もう止めてください!体育会系が絶望的に馴染まない山形だっているんですよ!!
「え? え? 嘘、何、ゆ、夢……?」
「ち、チェーホワ統括理事に、フランソワ特別理事……いきなり現れた!?」
「名だたるS級探査者に、あの御堂香苗さん……はまあ、山形くんがいるから分かるけど」
分からないで? どうか分からないで?
突如空間の裂け目から現れた頼れる仲間たちの姿に呆然としつつ、しかしなぜか香苗さんに対してだけはあーまあうんわかるわかるみたいに謎の納得を見せる、宥さんのお仲間さん達に俺は内心でツッコミを入れた。

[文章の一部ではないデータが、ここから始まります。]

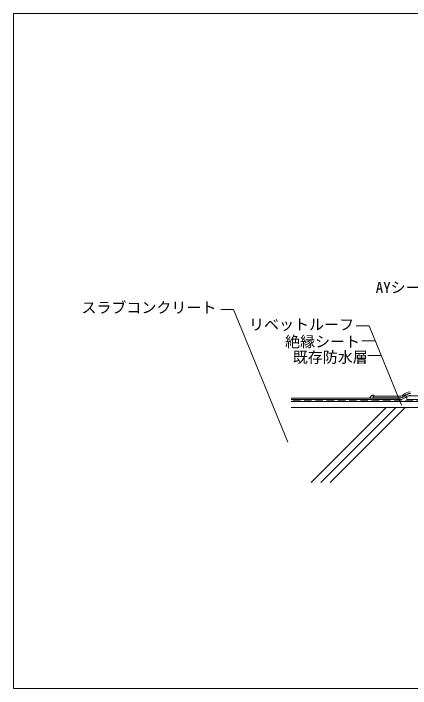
# Model space of a CAD drawing. Units: millimetres, scale not verified. Extents: x -675 to 675, y -471 to 460.
# Drawn here: x -675 to -146, y -440 to 460 of the extents above; entities that cross this region are included whole.
import ezdxf
from ezdxf.enums import TextEntityAlignment as Align

# ---------------------------------------------------------------- set-up
doc = ezdxf.new("R2010")
doc.units = ezdxf.units.MM
doc.header["$LTSCALE"] = 5
doc.linetypes.add('DASHED2', pattern=[3, 2, -1])
for name, color, linetype, lineweight in [('1-3_断熱材', 7, 'Continuous', 9), ('1-4_リベットルーフ', 7, 'Continuous', 9), ('1-5_ＦＬ鋼板・ディスク', 7, 'Continuous', 9), ('1-A_元図・躯体', 7, 'Continuous', 9), ('1-B_その他', 7, 'Continuous', 9), ('E-E', 7, 'Continuous', 9), ('F-F', 7, 'Continuous', 9)]:
    doc.layers.add(name, color=color, linetype=linetype, lineweight=lineweight)
doc.styles.add('ＭＳ ゴシック', font='')
doc.styles.get('ＭＳ ゴシック').set_extended_font_data('MS Gothic')

msp = doc.modelspace()

# ---------------------------------------------------------------- linework, layer by layer
at = {"layer": '1-3_断熱材', "linetype": 'DASHED2'}
msp.add_line((-127.514, -56.34), (-304.843, -56.34), dxfattribs=at)
at = {"layer": '1-3_断熱材'}
for p, q in [((-127.514, -57.34), (-304.843, -57.34)), ((-127.514, -65.34), (-304.843, -65.34))]:
    msp.add_line(p, q, dxfattribs=at)
at = {"layer": '1-4_リベットルーフ'}
for p, q in [((-159.516, -52.84), (-304.843, -52.84)), ((-195.546, -50.34), (-195.546, -52.34)), ((-159.516, -50.34), (-195.546, -50.34)), ((-159.516, -52.34), (-195.546, -52.34)), ((-159.516, -54.84), (-304.843, -54.84))]:
    msp.add_line(p, q, dxfattribs=at)
for centre, radius, start, end in [((-144.2, -61.606), 17.337, 96.018, 130.466), ((-160.862, -42.074), 8.337, 276.018, 310.466), ((-160.862, -42.074), 10.337, 276.018, 310.466), ((-160.862, -42.074), 10.837, 276.018, 310.466), ((-160.862, -42.074), 12.837, 276.018, 310.466), ((-144.2, -61.606), 15.337, 96.018, 130.466), ((-144.2, -61.606), 14.837, 96.018, 130.466), ((-144.2, -61.606), 12.837, 96.018, 130.466)]:
    msp.add_arc(centre, radius, start, end, dxfattribs=at)
at = {"layer": '1-5_ＦＬ鋼板・ディスク'}
for p, q in [((-150.546, -50.447), (-150.546, -54.84)), ((-149.332, -49.84), (-127.514, -49.84)), ((-150.546, -54.84), (-127.514, -54.84))]:
    msp.add_line(p, q, dxfattribs=at)
at = {"layer": '1-A_元図・躯体'}
for p, q in [((-304.843, -65.34), (-127.514, -65.34)), ((-278.134, -165.424), (-178.05, -65.34)), ((-265.406, -165.424), (-165.322, -65.34)), ((-252.678, -165.424), (-152.594, -65.34))]:
    msp.add_line(p, q, dxfattribs=at)
at = {"layer": '1-B_その他'}
msp.add_lwpolyline([(-193.623, -50.187), (-193.73, -50.058), (-193.915, -49.841), (-194.106, -49.634), (-194.303, -49.447), (-194.511, -49.286), (-194.732, -49.158), (-194.868, -49.101), (-194.993, -49.064), (-195.219, -49.024), (-195.454, -49.012), (-195.696, -49.025), (-195.943, -49.056), (-196.192, -49.102), (-196.336, -49.133), (-196.549, -49.185), (-196.908, -49.29), (-197.253, -49.417), (-197.578, -49.572), (-197.878, -49.757), (-198.145, -49.977), (-198.284, -50.123), (-198.43, -50.311), (-198.649, -50.669), (-198.845, -51.051), (-199.036, -51.435), (-199.244, -51.802), (-199.489, -52.13), (-199.656, -52.294), (-199.732, -52.354), (-199.869, -52.451), (-200.016, -52.538), (-200.169, -52.617), (-200.327, -52.692), (-200.488, -52.764), (-200.582, -52.805)], dxfattribs=at)
msp.add_lwpolyline([(-193.623, -50.187), (-193.73, -50.058), (-193.915, -49.841), (-194.106, -49.634), (-194.303, -49.447), (-194.511, -49.286), (-194.732, -49.158), (-194.868, -49.101), (-194.993, -49.064), (-195.219, -49.024), (-195.454, -49.012), (-195.696, -49.025), (-195.943, -49.056), (-196.192, -49.102), (-196.336, -49.133), (-196.549, -49.185), (-196.908, -49.29), (-197.253, -49.417), (-197.578, -49.572), (-197.878, -49.757), (-198.145, -49.977), (-198.284, -50.123), (-198.43, -50.311), (-198.649, -50.669), (-198.845, -51.051), (-199.036, -51.435), (-199.244, -51.802), (-199.489, -52.13), (-199.656, -52.294), (-199.732, -52.354), (-199.869, -52.451), (-200.016, -52.538), (-200.169, -52.617), (-200.327, -52.692), (-200.488, -52.764), (-200.582, -52.805)], dxfattribs=at)
at = {"layer": 'E-E'}
for p, q in [((-381.444, 65.261), (-398.764, 65.261)), ((-309.22, -111.527), (-381.444, 65.261)), ((-200.72, 43.404), (-218.041, 43.404)), ((-157.526, -62.326), (-200.72, 43.404)), ((-192.68, 23.725), (-210.723, 23.725)), ((-184.641, 4.045), (-202.683, 4.045))]:
    msp.add_line(p, q, dxfattribs=at)
at = {"layer": 'F-F'}
msp.add_line((-675, 460), (-675, -440), dxfattribs=at)
msp.add_lwpolyline([(-675, 460), (675, 460), (675, -440), (-675, -440)], dxfattribs=at)

# ---------------------------------------------------------------- texts
at = {"layer": 'E-E', "style": 'ＭＳ ゴシック'}
for s, p in [('AYシールMS-1', (-192.022, 82.993)), ('スラブコンクリート', (-584.434, 56.16)), ('リベットルーフ', (-360.934, 33.614)), ('絶縁シート', (-312.934, 10.705)), ('既存防水層', (-302.571, -10.022))]:
    msp.add_text(s, height=14.66, dxfattribs=at).set_placement(p, align=Align.BOTTOM_LEFT)

doc.saveas('drawing.dxf')
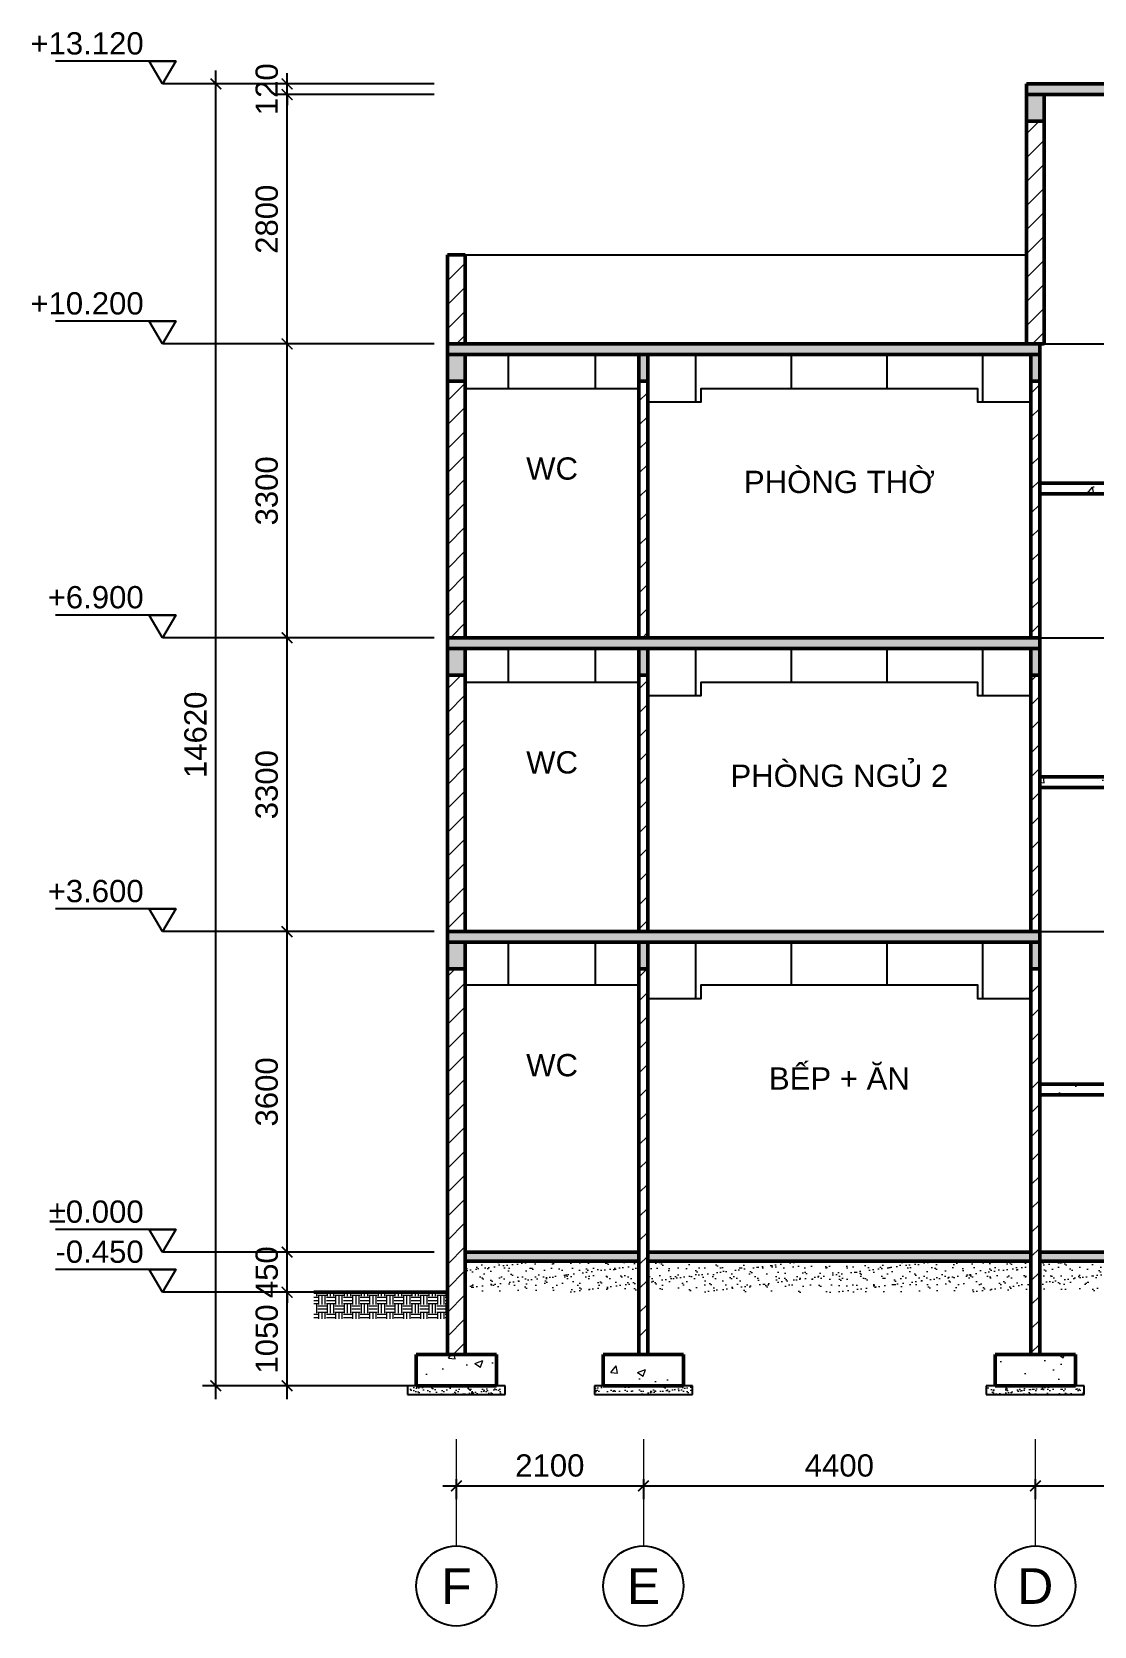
# Model space of a CAD drawing. Header units: millimetres. Extents: x -4035 to 257357, y -7136 to 22735.
# Drawn here: x 106517 to 118442, y -3337 to 14567 of the extents above; entities that cross this region are included whole.
import ezdxf
from ezdxf.enums import TextEntityAlignment as Align

# ---------------------------------------------------------------- set-up
doc = ezdxf.new("R2010")
doc.units = ezdxf.units.MM
doc.header["$LTSCALE"] = 40
doc.linetypes.add('CENTER', pattern=[50.8, 31.75, -6.35, 6.35, -6.35])
for name, color, linetype, lineweight in [('A-ANNO-DIMS', 1, 'Continuous', 18), ('A-ANNO-SYMB', 7, 'Continuous', 25), ('A-ANNO-TEXT', 7, 'Continuous', 18), ('A-CLNG', 7, 'Continuous', 25), ('A-ELEV', 7, 'Continuous', 25), ('A-ELEV-OTLN', 7, 'Continuous', 50), ('A-SECT', 7, 'Continuous', 50), ('A-SECT-PATT', 8, 'Continuous', 9), ('S-GRID', 1, 'CENTER', 18), ('S-GRID-IDEN', 7, 'Continuous', 25)]:
    doc.layers.add(name, color=color, linetype=linetype, lineweight=lineweight)
doc.styles.add('MCP-ARIAL', font='arial.ttf')
doc.dimstyles.new('MCP-1-100', dxfattribs={"dimscale": 100, "dimtxt": 2.5, "dimasz": 1.2, "dimexe": 1.5, "dimexo": 1.5, "dimgap": 1, "dimtad": 1, "dimdec": 0, "dimdsep": 46, "dimtxsty": 'MCP-ARIAL', "dimblk": 'ARCHTICK', "dimblk1": 'ARCHTICK', "dimblk2": 'ARCHTICK', "dimcen": 0.09, "dimdle": 1.5, "dimclrd": 256, "dimclre": 256, "dimclrt": 256, "dimadec": 0, "dimazin": 0, "dimtfac": 1, "dimtdec": 4, "dimtix": 1, "dimtmove": 2, "dimatfit": 3, "dimfxl": 1, "dimtolj": 1, "dimtzin": 0, "dimarcsym": 0})

# ---------------------------------------------------------------- blocks, each defined once
blk = doc.blocks.new('MCP_COTE_TRAI')
blk.add_line((1.5, 2.55), (-12, 2.55))
blk.add_lwpolyline([(0, 0), (-1.5, 2.55), (1.5, 2.55)], close=True)
at = {"style": 'MCP-ARIAL'}
blk.add_attdef('COTE', text='', height=2.5, dxfattribs=at).set_placement((-2.1, 3.3), align=Align.RIGHT)
blk = doc.blocks.new('_ArchTick')
at = {"color": 0, "linetype": 'ByBlock', "const_width": 0.15}
blk.add_lwpolyline([(-0.5, -0.5), (0.5, 0.5)], dxfattribs=at)
blk = doc.blocks.new('*D180')
at = {"layer": 'A-ANNO-DIMS', "lineweight": -2, "transparency": 16777216}
for p, q in [((109382, -787), (109382, 563)), ((111032, 413), (109232, 413)), ((111032, -637), (109232, -637))]:
    blk.add_line(p, q, dxfattribs=at)
at = {"layer": 'Defpoints', "color": 0, "transparency": 16777216}
for p in [(109382, 413), (111182, 413), (111182, -637)]:
    blk.add_point(p, dxfattribs=at)
at = {"layer": 'A-ANNO-DIMS', "lineweight": -2, "transparency": 16777216, "xscale": 120, "yscale": 120, "zscale": 120}
for p, rotation in [((109382, 413), 90), ((109382, -637), 270)]:
    blk.add_blockref('_ArchTick', p, dxfattribs=dict(at, rotation=rotation))
at = {"layer": 'A-ANNO-DIMS', "transparency": 16777216, "insert": (109155, -112), "char_height": 250, "attachment_point": 5, "rotation": 90, "style": 'MCP-ARIAL'}
blk.add_mtext('\\A1;1050', dxfattribs=at)
blk = doc.blocks.new('*D181')
at = {"layer": 'A-ANNO-DIMS', "lineweight": -2, "transparency": 16777216}
for p, q in [((109382, 863), (109382, 983)), ((111032, 863), (109232, 863)), ((109382, 413), (109382, 863)), ((111032, 413), (109232, 413)), ((109382, 413), (109382, 293))]:
    blk.add_line(p, q, dxfattribs=at)
at = {"layer": 'Defpoints', "color": 0, "transparency": 16777216}
for p in [(109382, 863), (111182, 863), (111182, 413)]:
    blk.add_point(p, dxfattribs=at)
at = {"layer": 'A-ANNO-DIMS', "lineweight": -2, "transparency": 16777216, "xscale": 120, "yscale": 120, "zscale": 120}
for p, rotation in [((109382, 863), 270), ((109382, 413), 90)]:
    blk.add_blockref('_ArchTick', p, dxfattribs=dict(at, rotation=rotation))
at = {"layer": 'A-ANNO-DIMS', "transparency": 16777216, "insert": (109155, 638), "char_height": 250, "attachment_point": 5, "rotation": 90, "style": 'MCP-ARIAL'}
blk.add_mtext('\\A1;450', dxfattribs=at)
blk = doc.blocks.new('*D182')
at = {"layer": 'A-ANNO-DIMS', "lineweight": -2, "transparency": 16777216}
for p, q in [((109382, 713), (109382, 4613)), ((111032, 4463), (109232, 4463)), ((111032, 863), (109232, 863))]:
    blk.add_line(p, q, dxfattribs=at)
at = {"layer": 'Defpoints', "color": 0, "transparency": 16777216}
for p in [(109382, 4463), (111182, 4463), (111182, 863)]:
    blk.add_point(p, dxfattribs=at)
at = {"layer": 'A-ANNO-DIMS', "lineweight": -2, "transparency": 16777216, "xscale": 120, "yscale": 120, "zscale": 120}
for p, rotation in [((109382, 4463), 90), ((109382, 863), 270)]:
    blk.add_blockref('_ArchTick', p, dxfattribs=dict(at, rotation=rotation))
at = {"layer": 'A-ANNO-DIMS', "transparency": 16777216, "insert": (109154, 2663), "char_height": 250, "attachment_point": 5, "rotation": 90, "style": 'MCP-ARIAL'}
blk.add_mtext('\\A1;3600', dxfattribs=at)
blk = doc.blocks.new('*D183')
at = {"layer": 'A-ANNO-DIMS', "lineweight": -2, "transparency": 16777216}
for p, q in [((109382, 4313), (109382, 7913)), ((111032, 7763), (109232, 7763)), ((111032, 4463), (109232, 4463))]:
    blk.add_line(p, q, dxfattribs=at)
at = {"layer": 'Defpoints', "color": 0, "transparency": 16777216}
for p in [(109382, 7763), (111182, 7763), (111182, 4463)]:
    blk.add_point(p, dxfattribs=at)
at = {"layer": 'A-ANNO-DIMS', "lineweight": -2, "transparency": 16777216, "xscale": 120, "yscale": 120, "zscale": 120}
for p, rotation in [((109382, 7763), 90), ((109382, 4463), 270)]:
    blk.add_blockref('_ArchTick', p, dxfattribs=dict(at, rotation=rotation))
at = {"layer": 'A-ANNO-DIMS', "transparency": 16777216, "insert": (109154, 6113), "char_height": 250, "attachment_point": 5, "rotation": 90, "style": 'MCP-ARIAL'}
blk.add_mtext('\\A1;3300', dxfattribs=at)
blk = doc.blocks.new('*D184')
at = {"layer": 'A-ANNO-DIMS', "lineweight": -2, "transparency": 16777216}
for p, q in [((109382, 7613), (109382, 11213)), ((111032, 11063), (109232, 11063)), ((111032, 7763), (109232, 7763))]:
    blk.add_line(p, q, dxfattribs=at)
at = {"layer": 'Defpoints', "color": 0, "transparency": 16777216}
for p in [(109382, 11063), (111182, 11063), (111182, 7763)]:
    blk.add_point(p, dxfattribs=at)
at = {"layer": 'A-ANNO-DIMS', "lineweight": -2, "transparency": 16777216, "xscale": 120, "yscale": 120, "zscale": 120}
for p, rotation in [((109382, 11063), 90), ((109382, 7763), 270)]:
    blk.add_blockref('_ArchTick', p, dxfattribs=dict(at, rotation=rotation))
at = {"layer": 'A-ANNO-DIMS', "transparency": 16777216, "insert": (109154, 9413), "char_height": 250, "attachment_point": 5, "rotation": 90, "style": 'MCP-ARIAL'}
blk.add_mtext('\\A1;3300', dxfattribs=at)
blk = doc.blocks.new('*D185')
at = {"layer": 'A-ANNO-DIMS', "lineweight": -2, "transparency": 16777216}
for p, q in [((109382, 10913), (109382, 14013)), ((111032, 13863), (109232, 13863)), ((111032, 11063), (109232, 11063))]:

俺いるところ伝道師あり、みたいになってんじゃん。完全に一般の認識がそうなっちゃってんじゃん怖ぁ……
いやまあ宥さんからしてああなので、ある程度そういう認識を持つのも致し方ないところではあるのかもしれない。
山形公平を見かけたら御堂香苗もいると思え、などと今後噂されるようになったらどうしよう、などと不安でいっぱいになりつつもしかし、今はそれを押し殺して俺は告げた。
「みなさん、お忙しい中お呼び立てしてすみません。ヴァール、すぐにこのメンバーを集めるの大変だったろ、ごめんな」
「何を言う山形公平、フェイリンとあなたの連名での召集なのだ。何に代えても優先するとも……それにこちらのほうからも、新たに判明した事実を伝える機会が欲しかったからな」
「やっぱり取り調べでいろいろ分かったんだな、連中のこと」
ヴァールは無表情のまま頷く。どちらにせよ近々、俺達は再度集結する因果にあったらしい。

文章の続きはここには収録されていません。